Tag: apple (page 1 of 2)

My calendar has been a mess for a while – or rather, the organisation of calendars. For years I’ve had several devices and keeping them in synchronisation was a nightmare – from my original Palm Vx handheld right up to the iPad and iPhone I now use it’s been tricky, not helped by absence of decent CalDAV software or support for calendar servers on the devices I’ve used. Add into the mix almost 20 years of historic calendar data (where sometimes I do need to find the last time I saw a particular client for instance) and it’s a recipe for disaster.

When Apple released MobileMe it got a bit better. Around 2004ish I managed to export my calendar from the Palm software using Missing Sync and into iCal, and thus into MobileMe. Through that I frigged it to talk to my phone at the time, a Nokia E70 (I think). Then when iCloud came along I ported it and my iPad, iPhone, Mac and the web stuff was all integrated. Hoorah.

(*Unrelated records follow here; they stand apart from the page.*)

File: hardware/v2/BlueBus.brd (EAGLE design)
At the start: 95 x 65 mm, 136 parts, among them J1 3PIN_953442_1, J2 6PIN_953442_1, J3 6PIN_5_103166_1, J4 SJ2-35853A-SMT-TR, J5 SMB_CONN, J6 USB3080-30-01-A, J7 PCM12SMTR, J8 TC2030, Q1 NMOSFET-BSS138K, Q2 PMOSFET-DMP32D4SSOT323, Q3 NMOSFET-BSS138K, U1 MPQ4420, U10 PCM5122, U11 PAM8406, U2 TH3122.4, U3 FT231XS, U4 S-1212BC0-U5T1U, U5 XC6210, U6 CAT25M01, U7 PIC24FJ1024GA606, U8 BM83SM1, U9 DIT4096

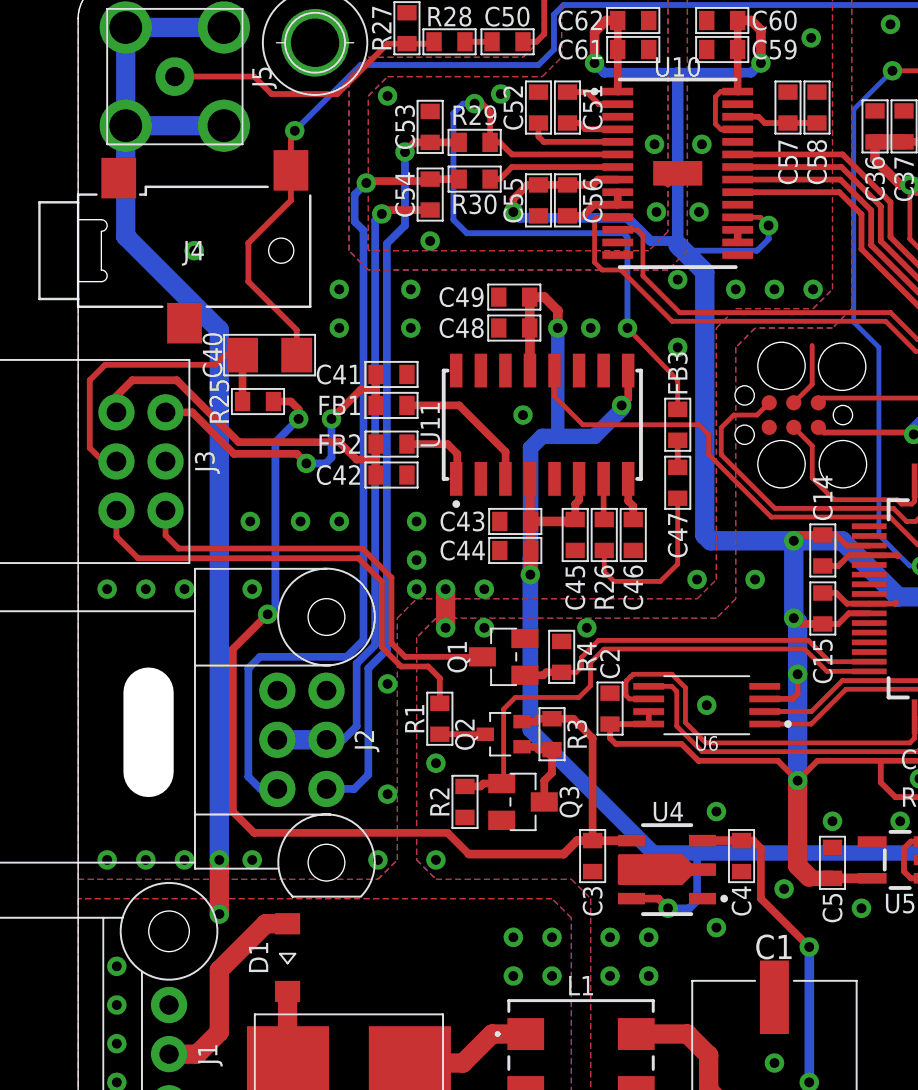
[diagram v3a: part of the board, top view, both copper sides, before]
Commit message: [IMP] hardware: V2 wiring and names * Update GND_FLT trace routing away from board cutout * Fix >NAME for some parts
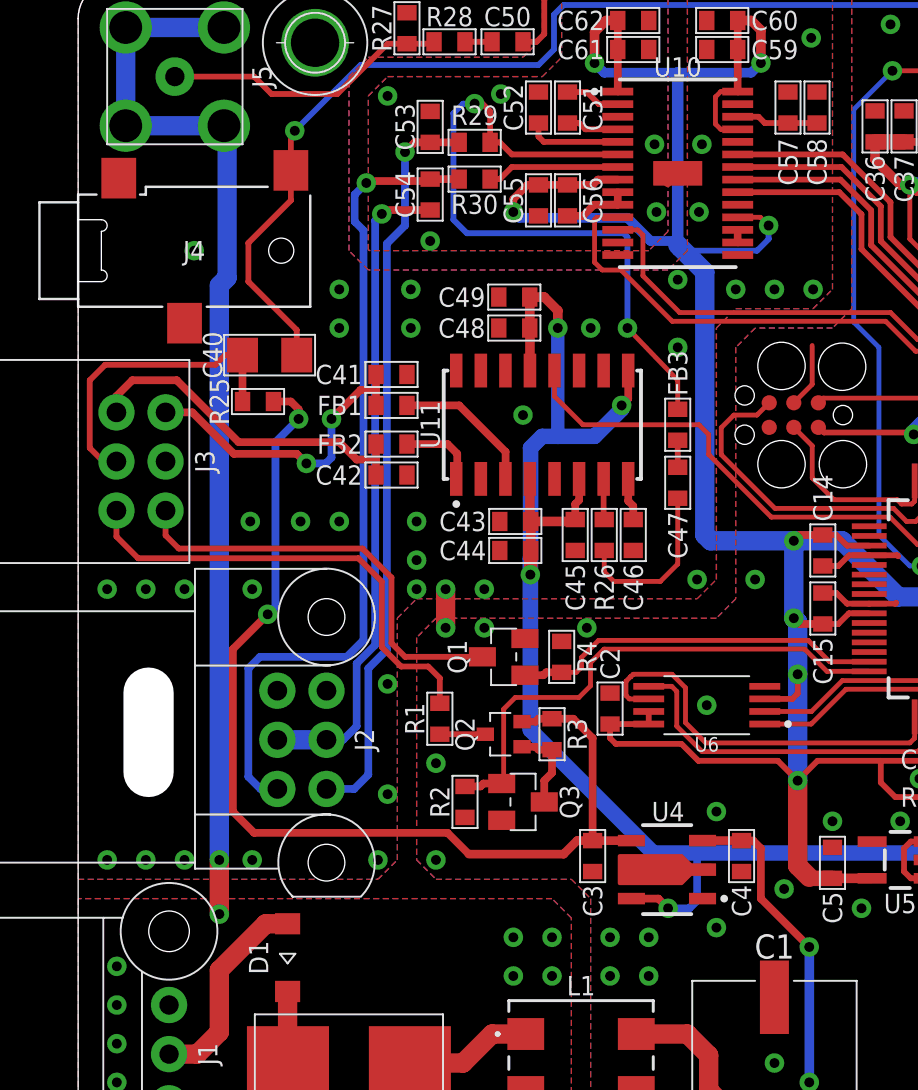
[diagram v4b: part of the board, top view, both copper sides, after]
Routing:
- net GND_FLT: track 58.0 -> 56.2 mm
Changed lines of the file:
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@@
 <element name="C1" library="Passives" package="RHS1V101MCN1GS" value="RHS1V101MCN1GS" x="36" y="9" smashed="yes" rot="R90">
 <attribute name="MFG" value="Nichicon" x="90.61" y="26.78" size="1.778" layer="27" rot="R90" display="off"/>
-<attribute name="NAME" x="36" y="15" size="1.25" layer="25" font="vector" ratio="15" rot="SR0" align="center"/>
+<attribute name="NAME" x="36" y="14.4" size="1.25" layer="25" font="vector" ratio="15" rot="SR0" align="bottom-center"/>
 <attribute name="PN" value="RHS1V101MCN1GS" x="90.61" y="26.78" size="1.778" layer="27" rot="R90" display="off"/>
 </element>
@@
 <element name="U6" library="ICs" package="TSSOP-8" value="CAT25M01" x="32.5" y="27.5" smashed="yes" rot="R180">
 <attribute name="MFG" value="ONSEMI" x="32.5" y="27.5" size="1.778" layer="27" rot="R180" display="off"/>
-<attribute name="NAME" x="32.5" y="25.9" size="0.75" layer="21" font="vector" ratio="15" rot="R180" align="bottom-center"/>
+<attribute name="NAME" x="32.5" y="25.85" size="0.75" layer="21" font="vector" ratio="15" rot="R180" align="bottom-center"/>
 <attribute name="PN" value="CAT25M01YI-GT3" x="32.5" y="27.5" size="1.778" layer="27" rot="R180" display="off"/>
 </element>
@@
 <wire x1="2.46" y1="62.54" x2="2.46" y2="57.46" width="1" layer="16"/>
 <wire x1="2.46" y1="57.46" x2="7.54" y2="57.46" width="1" layer="16"/>
-<wire x1="2.46" y1="57.46" x2="2.46" y2="51.74" width="1" layer="16"/>
-<wire x1="2.46" y1="51.74" x2="7.3" y2="46.9" width="1" layer="16"/>
 <via x="7.3" y="19.5" extent="1-16" drill="0.51"/>
-<wire x1="7.3" y1="46.9" x2="7.3" y2="19.5" width="1" layer="16"/>
 <via x="7.3" y="16.7" extent="1-16" drill="0.51"/>
 <wire x1="7.3" y1="19.5" x2="7.3" y2="16.7" width="1" layer="1"/>
+<wire x1="7.3" y1="49.2" x2="7.7" y2="49.6" width="1" layer="16"/>
+<wire x1="7.7" y1="49.6" x2="7.7" y2="57.3" width="1" layer="16"/>
+<wire x1="7.7" y1="57.3" x2="7.54" y2="57.46" width="1" layer="16"/>
+<wire x1="7.3" y1="19.5" x2="7.3" y2="49.2" width="1" layer="16"/>
+<wire x1="22.5" y1="15.5" x2="24.5" y2="15.5" width="0" layer="19" extent="1-1"/>
+<wire x1="24.5" y1="13.5" x2="24.5" y2="15.5" width="0" layer="19" extent="1-1"/>
+<wire x1="22.5" y1="13.5" x2="22.5" y2="15.5" width="0" layer="19" extent="1-1"/>
+<wire x1="23.1425" y1="7.5" x2="22.5" y2="13.5" width="0" layer="19" extent="1-1"/>
+<wire x1="22.5" y1="5" x2="23.1425" y2="7.5" width="0" layer="19" extent="1-1"/>
+<wire x1="22.5" y1="3.2" x2="22.5" y2="5" width="0" layer="19" extent="1-1"/>
+<wire x1="24.5" y1="5" x2="22.5" y2="5" width="0" layer="19" extent="1-1"/>
+<wire x1="24.5" y1="3.2" x2="24.5" y2="5" width="0" layer="19" extent="1-1"/>
+<wire x1="24.5" y1="1" x2="24.5" y2="3.2" width="0" layer="19" extent="1-1"/>
+<wire x1="22.5" y1="1" x2="24.5" y2="1" width="0" layer="19" extent="1-1"/>
+<wire x1="12.25" y1="3.25" x2="22.5" y2="3.2" width="0" layer="19" extent="1-1"/>
+<wire x1="2" y1="6" x2="12.25" y2="3.25" width="0" layer="19" extent="1-1"/>
+<wire x1="2" y1="8" x2="2" y2="6" width="0" layer="19" extent="1-1"/>
+<wire x1="2" y1="10" x2="2" y2="8" width="0" layer="19" extent="1-1"/>
+<wire x1="2" y1="12" x2="2" y2="10" width="0" layer="19" extent="1-1"/>
+<wire x1="2" y1="14" x2="2" y2="12" width="0" layer="19" extent="1-1"/>
+<wire x1="4.7" y1="12" x2="2" y2="12" width="0" layer="19" extent="1-1"/>
+<wire x1="7.3" y1="16.7" x2="4.7" y2="12" width="0" layer="19" extent="1-1"/>
 </signal>
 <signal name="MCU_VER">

Then this week it all went tits-up. I decided to merge two work calendars so Nicky could share them, by exporting both calendars as ICS files and then importing them into a new calendar. Of course, connectivity at a client’s this week has been very flakey as they’re moving offices and iCloud seemed not to like this when it attempted to sync the new entries which manifested itself as the iCal client app giving me 403 errors (“UID already exists”). No amount of Googling and buggering about with Apple Support would fix it so I took matters into my own hands.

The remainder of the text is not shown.